[Brief]: A line qualifies if it holds the string "Hole". Copy every qualifying line from the records.
------ Dataset records
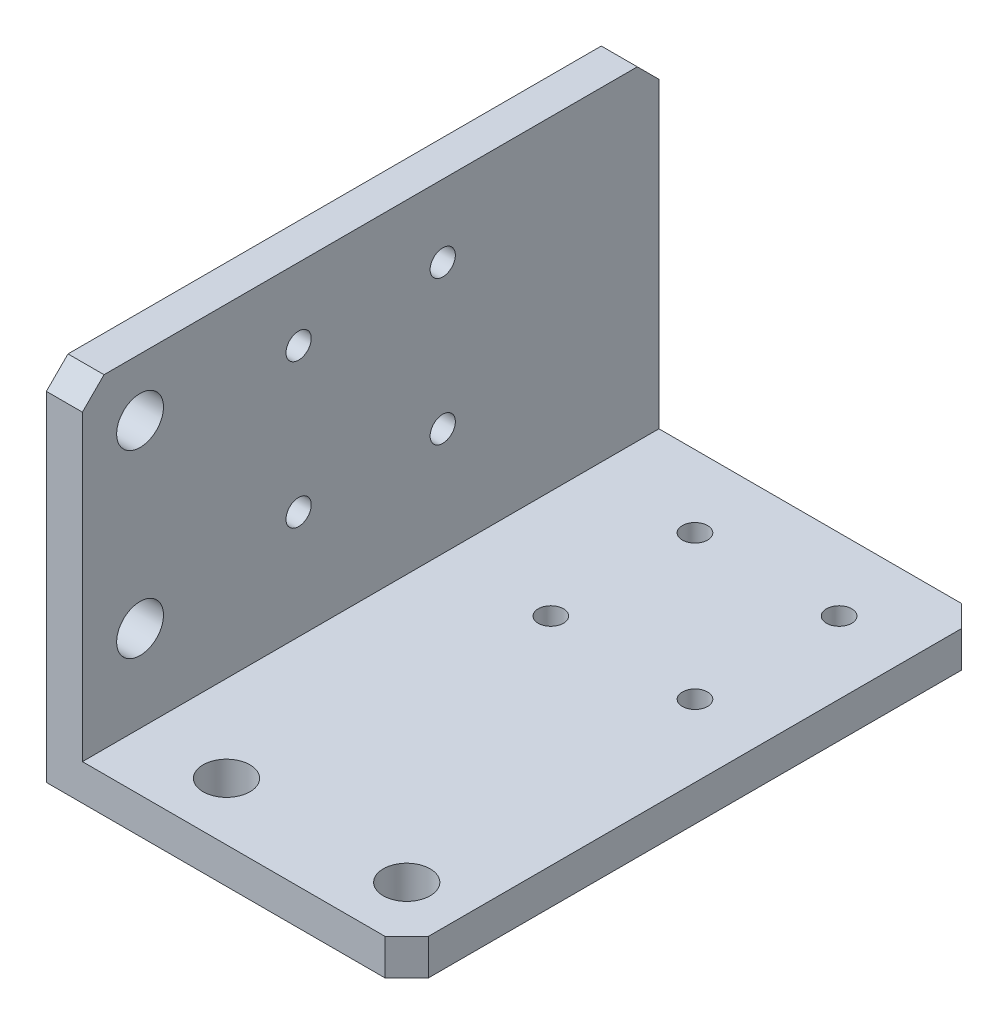
from build123d import *

# Parameters (mm, degrees)
ESTRUSIONE_ESTRUSIONE1_DEPTH = 80
FORO_6_5_6_5_1_D             = 6.5
FORO_6_5_6_5_2_D             = 6.5
FORO_6_5_6_5_2_DEPTH         = 5
FORO_6_5_6_5_2_TIP           = 1.952797012
TAGLIO_ESTRUSIONE1_REACH     = 108.771
SCHIZZO8_R                   = 1.75
TAGLIO_ESTRUSIONE2_REACH     = 108.771
SCHIZZO9_R                   = 1.75
SMUSSO1_SIZE                 = 3


with BuildPart() as part:
    # Schizzo1 → Estrusione-Estrusione1 (new body)
    with BuildSketch(Plane.XY):
        Polygon((0, 0), (0, 50), (5, 50), (5, 5), (50, 5), (50, 0), align=None)
    extrude(amount=ESTRUSIONE_ESTRUSIONE1_DEPTH)

    # Foro Ø6.5 (6.5)-1 (through all)
    with Locations(Plane(origin=(0, 0, 0), x_dir=(-1, 0, 0), z_dir=(0, -1, 0))):
        with Locations((-17, -72), (-42, -72)):
            Hole(FORO_6_5_6_5_1_D / 2)

    # Foro Ø6.5 (6.5)-2
    with Locations(Plane.ZY):
        with Locations((72, 42), (72, 17)):
            Hole(FORO_6_5_6_5_2_D / 2, depth=FORO_6_5_6_5_2_DEPTH)
            with Locations((0, 0, -(FORO_6_5_6_5_2_DEPTH + FORO_6_5_6_5_2_TIP / 2))):  # 118° drill point
                Cone(0, FORO_6_5_6_5_2_D / 2, FORO_6_5_6_5_2_TIP, mode=Mode.SUBTRACT)

    # Schizzo8 → Taglio-Estrusione1 (cut, up to next)
    with BuildSketch(Plane.XZ, mode=Mode.PRIVATE) as taglio_estrusione1_sk1:
        with Locations((20, 10)):
            Circle(SCHIZZO8_R)
    taglio_estrusione1_tool1 = extrude(taglio_estrusione1_sk1.sketch, amount=-TAGLIO_ESTRUSIONE1_REACH, mode=Mode.PRIVATE) & part.part
    # Schizzo8 → Taglio-Estrusione1 (cut, up to next)
    with BuildSketch(Plane.XZ, mode=Mode.PRIVATE) as taglio_estrusione1_sk2:
        with Locations((20, 30)):
            Circle(SCHIZZO8_R)
    taglio_estrusione1_tool2 = extrude(taglio_estrusione1_sk2.sketch, amount=-TAGLIO_ESTRUSIONE1_REACH, mode=Mode.PRIVATE) & part.part
    # Schizzo8 → Taglio-Estrusione1 (cut, up to next)
    with BuildSketch(Plane.XZ, mode=Mode.PRIVATE) as taglio_estrusione1_sk3:
        with Locations((40, 30)):
            Circle(SCHIZZO8_R)
    taglio_estrusione1_tool3 = extrude(taglio_estrusione1_sk3.sketch, amount=-TAGLIO_ESTRUSIONE1_REACH, mode=Mode.PRIVATE) & part.part
    # Schizzo8 → Taglio-Estrusione1 (cut, up to next)
    with BuildSketch(Plane.XZ, mode=Mode.PRIVATE) as taglio_estrusione1_sk4:
        with Locations((40, 10)):
            Circle(SCHIZZO8_R)
    taglio_estrusione1_tool4 = extrude(taglio_estrusione1_sk4.sketch, amount=-TAGLIO_ESTRUSIONE1_REACH, mode=Mode.PRIVATE) & part.part
    add(taglio_estrusione1_tool1.solids().sort_by_distance((20, 0, 10))[0], mode=Mode.SUBTRACT)
    add(taglio_estrusione1_tool2.solids().sort_by_distance((20, 0, 30))[0], mode=Mode.SUBTRACT)
    add(taglio_estrusione1_tool3.solids().sort_by_distance((40, 0, 30))[0], mode=Mode.SUBTRACT)
    add(taglio_estrusione1_tool4.solids().sort_by_distance((40, 0, 10))[0], mode=Mode.SUBTRACT)

    # Schizzo9 → Taglio-Estrusione2 (cut, up to next)
    with BuildSketch(Plane.ZY, mode=Mode.PRIVATE) as taglio_estrusione2_sk1:
        with Locations((30, 40)):
            Circle(SCHIZZO9_R)
    taglio_estrusione2_tool1 = extrude(taglio_estrusione2_sk1.sketch, amount=-TAGLIO_ESTRUSIONE2_REACH, mode=Mode.PRIVATE) & part.part
    # Schizzo9 → Taglio-Estrusione2 (cut, up to next)
    with BuildSketch(Plane.ZY, mode=Mode.PRIVATE) as taglio_estrusione2_sk2:
        with Locations((50, 40)):
            Circle(SCHIZZO9_R)
    taglio_estrusione2_tool2 = extrude(taglio_estrusione2_sk2.sketch, amount=-TAGLIO_ESTRUSIONE2_REACH, mode=Mode.PRIVATE) & part.part
    # Schizzo9 → Taglio-Estrusione2 (cut, up to next)
    with BuildSketch(Plane.ZY, mode=Mode.PRIVATE) as taglio_estrusione2_sk3:
        with Locations((50, 20)):
            Circle(SCHIZZO9_R)
    taglio_estrusione2_tool3 = extrude(taglio_estrusione2_sk3.sketch, amount=-TAGLIO_ESTRUSIONE2_REACH, mode=Mode.PRIVATE) & part.part
    # Schizzo9 → Taglio-Estrusione2 (cut, up to next)
    with BuildSketch(Plane.ZY, mode=Mode.PRIVATE) as taglio_estrusione2_sk4:
        with Locations((30, 20)):
            Circle(SCHIZZO9_R)
    taglio_estrusione2_tool4 = extrude(taglio_estrusione2_sk4.sketch, amount=-TAGLIO_ESTRUSIONE2_REACH, mode=Mode.PRIVATE) & part.part
    add(taglio_estrusione2_tool1.solids().sort_by_distance((0, 40, 30))[0], mode=Mode.SUBTRACT)
    add(taglio_estrusione2_tool2.solids().sort_by_distance((0, 40, 50))[0], mode=Mode.SUBTRACT)
    add(taglio_estrusione2_tool3.solids().sort_by_distance((0, 20, 50))[0], mode=Mode.SUBTRACT)
    add(taglio_estrusione2_tool4.solids().sort_by_distance((0, 20, 30))[0], mode=Mode.SUBTRACT)

    # Smusso1
    smusso1_edges = [part.edges().sort_by_distance(p)[0] for p in [
        (2.5, 50, 80),
        (2.5, 50, 0),
        (50, 2.5, 80),
        (50, 2.5, 0),
    ]]
    chamfer(smusso1_edges, length=SMUSSO1_SIZE)


solid = part.part
------------
[Solution for this task]:
            Hole(FORO_6_5_6_5_1_D / 2)
            Hole(FORO_6_5_6_5_2_D / 2, depth=FORO_6_5_6_5_2_DEPTH)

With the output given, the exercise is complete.